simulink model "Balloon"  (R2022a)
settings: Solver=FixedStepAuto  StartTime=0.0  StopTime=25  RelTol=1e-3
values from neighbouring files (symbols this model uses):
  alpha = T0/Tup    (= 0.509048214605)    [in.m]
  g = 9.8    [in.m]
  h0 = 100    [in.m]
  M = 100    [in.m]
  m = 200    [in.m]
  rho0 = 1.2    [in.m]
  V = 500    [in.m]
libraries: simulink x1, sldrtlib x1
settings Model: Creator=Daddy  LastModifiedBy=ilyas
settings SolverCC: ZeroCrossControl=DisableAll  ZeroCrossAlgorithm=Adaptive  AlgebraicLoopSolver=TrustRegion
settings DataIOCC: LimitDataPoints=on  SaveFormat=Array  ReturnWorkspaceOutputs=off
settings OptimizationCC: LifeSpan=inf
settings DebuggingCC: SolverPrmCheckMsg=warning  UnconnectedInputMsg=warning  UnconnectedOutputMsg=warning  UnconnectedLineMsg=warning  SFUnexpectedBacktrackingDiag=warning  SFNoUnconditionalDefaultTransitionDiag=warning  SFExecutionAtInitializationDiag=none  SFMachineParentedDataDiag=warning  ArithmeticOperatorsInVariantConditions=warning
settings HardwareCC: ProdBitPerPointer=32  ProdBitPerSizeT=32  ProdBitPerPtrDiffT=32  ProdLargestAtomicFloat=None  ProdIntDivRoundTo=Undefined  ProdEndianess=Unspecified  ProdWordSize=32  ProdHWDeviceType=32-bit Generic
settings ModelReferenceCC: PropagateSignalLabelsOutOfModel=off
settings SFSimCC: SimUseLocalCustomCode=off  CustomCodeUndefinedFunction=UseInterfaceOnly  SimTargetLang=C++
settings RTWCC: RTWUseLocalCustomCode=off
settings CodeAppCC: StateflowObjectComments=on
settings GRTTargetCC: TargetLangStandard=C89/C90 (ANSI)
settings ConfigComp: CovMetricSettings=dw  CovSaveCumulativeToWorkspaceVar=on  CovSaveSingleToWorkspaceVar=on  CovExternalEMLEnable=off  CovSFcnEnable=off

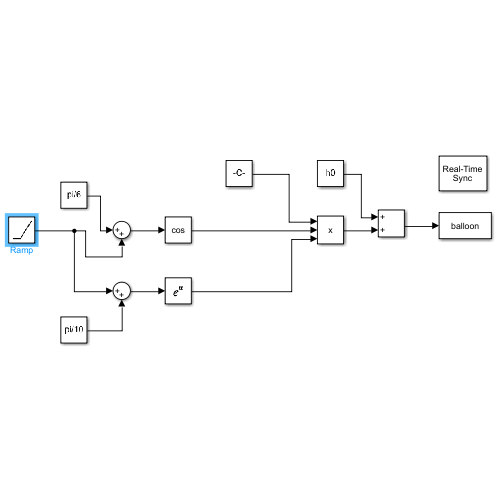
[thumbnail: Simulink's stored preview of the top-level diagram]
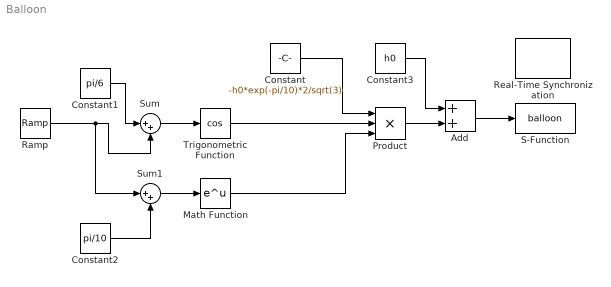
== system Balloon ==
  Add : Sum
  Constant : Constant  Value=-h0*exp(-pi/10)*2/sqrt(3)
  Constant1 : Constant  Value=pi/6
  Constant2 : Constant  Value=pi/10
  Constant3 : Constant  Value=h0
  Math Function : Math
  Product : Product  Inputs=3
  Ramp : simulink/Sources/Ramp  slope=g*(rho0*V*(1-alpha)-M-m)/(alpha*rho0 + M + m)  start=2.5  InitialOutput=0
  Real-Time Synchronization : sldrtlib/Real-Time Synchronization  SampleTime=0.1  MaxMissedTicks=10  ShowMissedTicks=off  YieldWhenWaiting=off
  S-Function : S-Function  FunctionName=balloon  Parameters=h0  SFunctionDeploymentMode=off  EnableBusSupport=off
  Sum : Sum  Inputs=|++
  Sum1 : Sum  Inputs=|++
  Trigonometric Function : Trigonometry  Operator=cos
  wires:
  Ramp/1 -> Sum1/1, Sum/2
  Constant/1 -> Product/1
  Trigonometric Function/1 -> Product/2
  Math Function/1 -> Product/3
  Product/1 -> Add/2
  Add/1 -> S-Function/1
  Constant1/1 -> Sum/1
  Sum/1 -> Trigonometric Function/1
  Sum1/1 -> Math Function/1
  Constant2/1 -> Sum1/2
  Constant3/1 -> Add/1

____

Every record above should be set down exactly, with the pictures left out.

simulink model "Balloon"  (R2022a)
settings: Solver=FixedStepAuto  StartTime=0.0  StopTime=25  RelTol=1e-3
values from neighbouring files (symbols this model uses):
  alpha = T0/Tup    (= 0.509048214605)    [in.m]
  g = 9.8    [in.m]
  h0 = 100    [in.m]
  M = 100    [in.m]
  m = 200    [in.m]
  rho0 = 1.2    [in.m]
  V = 500    [in.m]
libraries: simulink x1, sldrtlib x1
settings Model: Creator=Daddy  LastModifiedBy=ilyas
settings SolverCC: ZeroCrossControl=DisableAll  ZeroCrossAlgorithm=Adaptive  AlgebraicLoopSolver=TrustRegion
settings DataIOCC: LimitDataPoints=on  SaveFormat=Array  ReturnWorkspaceOutputs=off
settings OptimizationCC: LifeSpan=inf
settings DebuggingCC: SolverPrmCheckMsg=warning  UnconnectedInputMsg=warning  UnconnectedOutputMsg=warning  UnconnectedLineMsg=warning  SFUnexpectedBacktrackingDiag=warning  SFNoUnconditionalDefaultTransitionDiag=warning  SFExecutionAtInitializationDiag=none  SFMachineParentedDataDiag=warning  ArithmeticOperatorsInVariantConditions=warning
settings HardwareCC: ProdBitPerPointer=32  ProdBitPerSizeT=32  ProdBitPerPtrDiffT=32  ProdLargestAtomicFloat=None  ProdIntDivRoundTo=Undefined  ProdEndianess=Unspecified  ProdWordSize=32  ProdHWDeviceType=32-bit Generic
settings ModelReferenceCC: PropagateSignalLabelsOutOfModel=off
settings SFSimCC: SimUseLocalCustomCode=off  CustomCodeUndefinedFunction=UseInterfaceOnly  SimTargetLang=C++
settings RTWCC: RTWUseLocalCustomCode=off
settings CodeAppCC: StateflowObjectComments=on
settings GRTTargetCC: TargetLangStandard=C89/C90 (ANSI)
settings ConfigComp: CovMetricSettings=dw  CovSaveCumulativeToWorkspaceVar=on  CovSaveSingleToWorkspaceVar=on  CovExternalEMLEnable=off  CovSFcnEnable=off

[thumbnail: Simulink's stored preview of the top-level diagram]
== system Balloon ==
  Add : Sum
  Constant : Constant  Value=-h0*exp(-pi/10)*2/sqrt(3)
  Constant1 : Constant  Value=pi/6
  Constant2 : Constant  Value=pi/10
  Constant3 : Constant  Value=h0
  Math Function : Math
  Product : Product  Inputs=3
  Ramp : simulink/Sources/Ramp  slope=g*(rho0*V*(1-alpha)-M-m)/(alpha*rho0 + M + m)  start=2.5  InitialOutput=0
  Real-Time Synchronization : sldrtlib/Real-Time Synchronization  SampleTime=0.1  MaxMissedTicks=10  ShowMissedTicks=off  YieldWhenWaiting=off
  S-Function : S-Function  FunctionName=balloon  Parameters=h0  SFunctionDeploymentMode=off  EnableBusSupport=off
  Sum : Sum  Inputs=|++
  Sum1 : Sum  Inputs=|++
  Trigonometric Function : Trigonometry  Operator=cos
  wires:
  Ramp/1 -> Sum1/1, Sum/2
  Constant/1 -> Product/1
  Trigonometric Function/1 -> Product/2
  Math Function/1 -> Product/3
  Product/1 -> Add/2
  Add/1 -> S-Function/1
  Constant1/1 -> Sum/1
  Sum/1 -> Trigonometric Function/1
  Sum1/1 -> Math Function/1
  Constant2/1 -> Sum1/2
  Constant3/1 -> Add/1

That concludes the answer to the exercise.